セリアさんもソフィアさんも忙しい中、時間を作ってくれているわけだし、大人しくしていよう。
「そうですね……お願いします」
「それじゃあ、話すわね。私の自慢の娘、セシリアの二つ名についてだけど」
「いやいやいやいや! その話はだめだと思うんですけど」
セシリアがミカナ引きずってまでして止めた、自分の二つ名についての話題だ。
はたして、知って良いものだろうか。
しかしセリアさんはどうしてかしらと疑問を浮かべるだけで、これといって気にしている素振りはないようだった。
「普段は優しくて誠実で、パーティーに招かれたら必ずと言って良いぐらい、羨望の眼差しを受ける私の自慢の娘、セシリアだけど。二つ名は本当に嫌いみたいなの。表情が固まるから直ぐに分かるのよね」
「誰にだって言われたら嫌なことの一つや二つあるかと思うけど」
そこまで頑なになる程嫌がる二つ名ってなんなのだろうか。
聞いてはいけないと思うが、知りたいとは思う。
エターナルフレンドより、酷い二つ名はないと思うけどな。
「聖母。それがお嬢様の二つ名です」
ソフィアさんがあっさりと悪びれることなく、セシリアの二つ名を口にした。
そういえば、デュークにのせられた尾行デートの時に寄った孤児院の子どもたちがセシリアのことを聖母って呼んでいたっけか
「セシリアの二つ名は割と有名だから、その顔は聞いたことがあったって顔ね」
「はい、少し前にセシリアと行った孤児院の子どもたちがそう口にしていました」
「子どもたちにはセシリア好かれやすいから、二つ名が浸透しちゃってるのよね。寄ってくる子は皆小さい子どもばかりだから、強くも言えないし」
「あー、そういや苦笑いしてましたね。普通に遊んではいましたけど」
帰りに聖母について聞いて、カウンター食らったんだったな。
あの時点で俺は地雷を踏んでいたことになるのか。
しかし、聖母とか、母性があって面倒見の良いセシリアにぴったりの
二つ名だと思うんだけど。
「なんでセシリアが二つ名が嫌いかって思っているわよね」
「わかりました?」
「私も最初は良いと思ったのよ。なんでセシリアが拒んでいるのかわからなかった。でも、セシリアも乙女だからね。

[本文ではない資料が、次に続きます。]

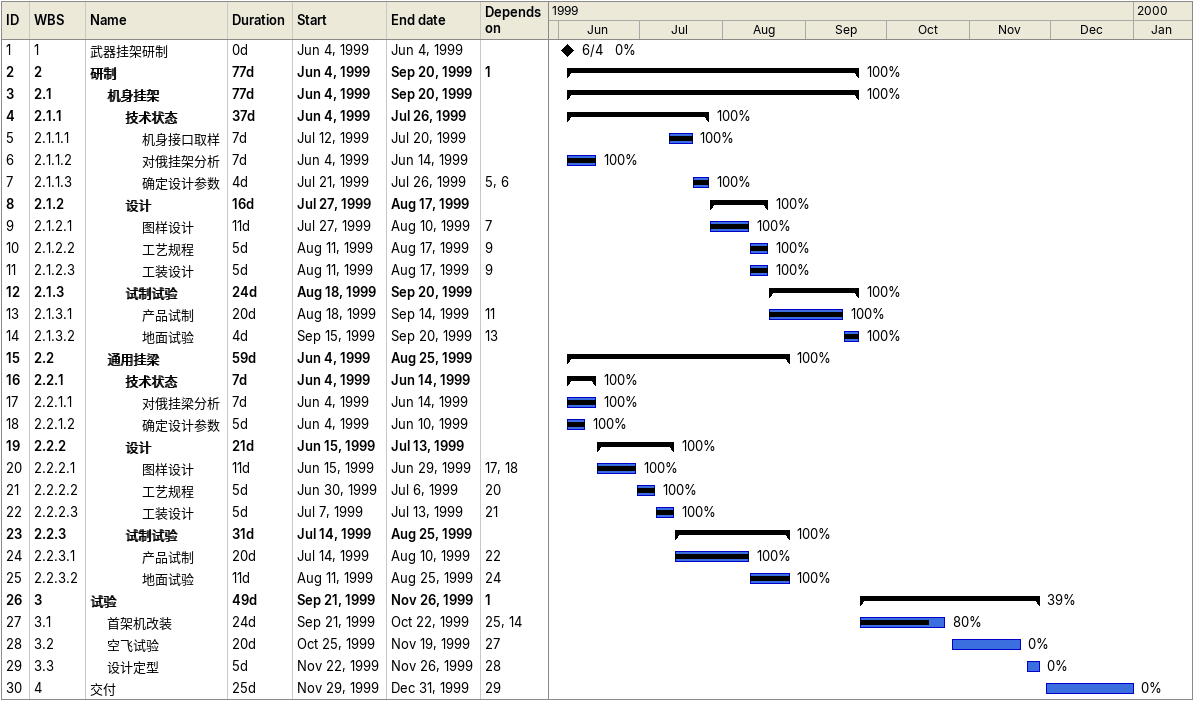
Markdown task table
| ID | WBS | Task | Duration | Start | Finish | Predecessors | % complete |
|---|---|---|---|---|---|---|---|
| 1 | 1 | 武器挂架研制 | 0d | 1999-06-04 | 1999-06-04 |  | 0 |
| 2 | 2 | **研制** | 77d | 1999-06-04 | 1999-09-20 | 1 | 100 |
| 3 | 2.1 | **机身挂架** | 77d | 1999-06-04 | 1999-09-20 |  | 100 |
| 4 | 2.1.1 | **技术状态** | 37d | 1999-06-04 | 1999-07-26 |  | 100 |
| 5 | 2.1.1.1 | 机身接口取样 | 7d | 1999-07-12 | 1999-07-20 |  | 100 |
| 6 | 2.1.1.2 | 对俄挂架分析 | 7d | 1999-06-04 | 1999-06-14 |  | 100 |
| 7 | 2.1.1.3 | 确定设计参数 | 4d | 1999-07-21 | 1999-07-26 | 5, 6 | 100 |
| 8 | 2.1.2 | **设计** | 16d | 1999-07-27 | 1999-08-17 |  | 100 |
| 9 | 2.1.2.1 | 图样设计 | 11d | 1999-07-27 | 1999-08-10 | 7 | 100 |
| 10 | 2.1.2.2 | 工艺规程 | 5d | 1999-08-11 | 1999-08-17 | 9 | 100 |
| 11 | 2.1.2.3 | 工装设计 | 5d | 1999-08-11 | 1999-08-17 | 9 | 100 |
| 12 | 2.1.3 | **试制试验** | 24d | 1999-08-18 | 1999-09-20 |  | 100 |
| 13 | 2.1.3.1 | 产品试制 | 20d | 1999-08-18 | 1999-09-14 | 11 | 100 |
| 14 | 2.1.3.2 | 地面试验 | 4d | 1999-09-15 | 1999-09-20 | 13 | 100 |
| 15 | 2.2 | **通用挂梁** | 59d | 1999-06-04 | 1999-08-25 |  | 100 |
| 16 | 2.2.1 | **技术状态** | 7d | 1999-06-04 | 1999-06-14 |  | 100 |
| 17 | 2.2.1.1 | 对俄挂梁分析 | 7d | 1999-06-04 | 1999-06-14 |  | 100 |
| 18 | 2.2.1.2 | 确定设计参数 | 5d | 1999-06-04 | 1999-06-10 |  | 100 |
| 19 | 2.2.2 | **设计** | 21d | 1999-06-15 | 1999-07-13 |  | 100 |
| 20 | 2.2.2.1 | 图样设计 | 11d | 1999-06-15 | 1999-06-29 | 17, 18 | 100 |
| 21 | 2.2.2.2 | 工艺规程 | 5d | 1999-06-30 | 1999-07-06 | 20 | 100 |
| 22 | 2.2.2.3 | 工装设计 | 5d | 1999-07-07 | 1999-07-13 | 21 | 100 |
| 23 | 2.2.3 | **试制试验** | 31d | 1999-07-14 | 1999-08-25 |  | 100 |
| 24 | 2.2.3.1 | 产品试制 | 20d | 1999-07-14 | 1999-08-10 | 22 | 100 |
| 25 | 2.2.3.2 | 地面试验 | 11d | 1999-08-11 | 1999-08-25 | 24 | 100 |
| 26 | 3 | **试验** | 49d | 1999-09-21 | 1999-11-26 | 1 | 39 |
| 27 | 3.1 | 首架机改装 | 24d | 1999-09-21 | 1999-10-22 | 25, 14 | 80 |
| 28 | 3.2 | 空飞试验 | 20d | 1999-10-25 | 1999-11-19 | 27 | 0 |
| 29 | 3.3 | 设计定型 | 5d | 1999-11-22 | 1999-11-26 | 28 | 0 |
| 30 | 4 | 交付 | 25d | 1999-11-29 | 1999-12-31 | 29 | 0 |

思うことがあるみたいなの」
年的なことを気にしていたりするってことだろうか。
あまり詮索しない方がいい気がする。
無粋な妄想をし過ぎてセシリアに嫌われたくないし。
「お嬢様も人です。人には触れられたくない、入ってきて欲しくない領域が存在します。ヨウキ様、覚えておいてください」
ソフィアさんの諭すような言葉に俺は黙って頷くことしか出来なった。
俺にだって触れられたくないことはある。
それがセシリアにもあったということだろう。
「ヨウキくんなら、これ以上言葉はいらないわよね」
「はい、ちゃんと理解しました」
「なら、いいわ。……ちなみにセシリアの二つ名なんだけど、原因は勇者様ってことも伝えておくわね」
「え!? その話詳しく教えて欲しいんですけど」
セシリアの二つ名の由来がユウガにあるとはどういうことだ。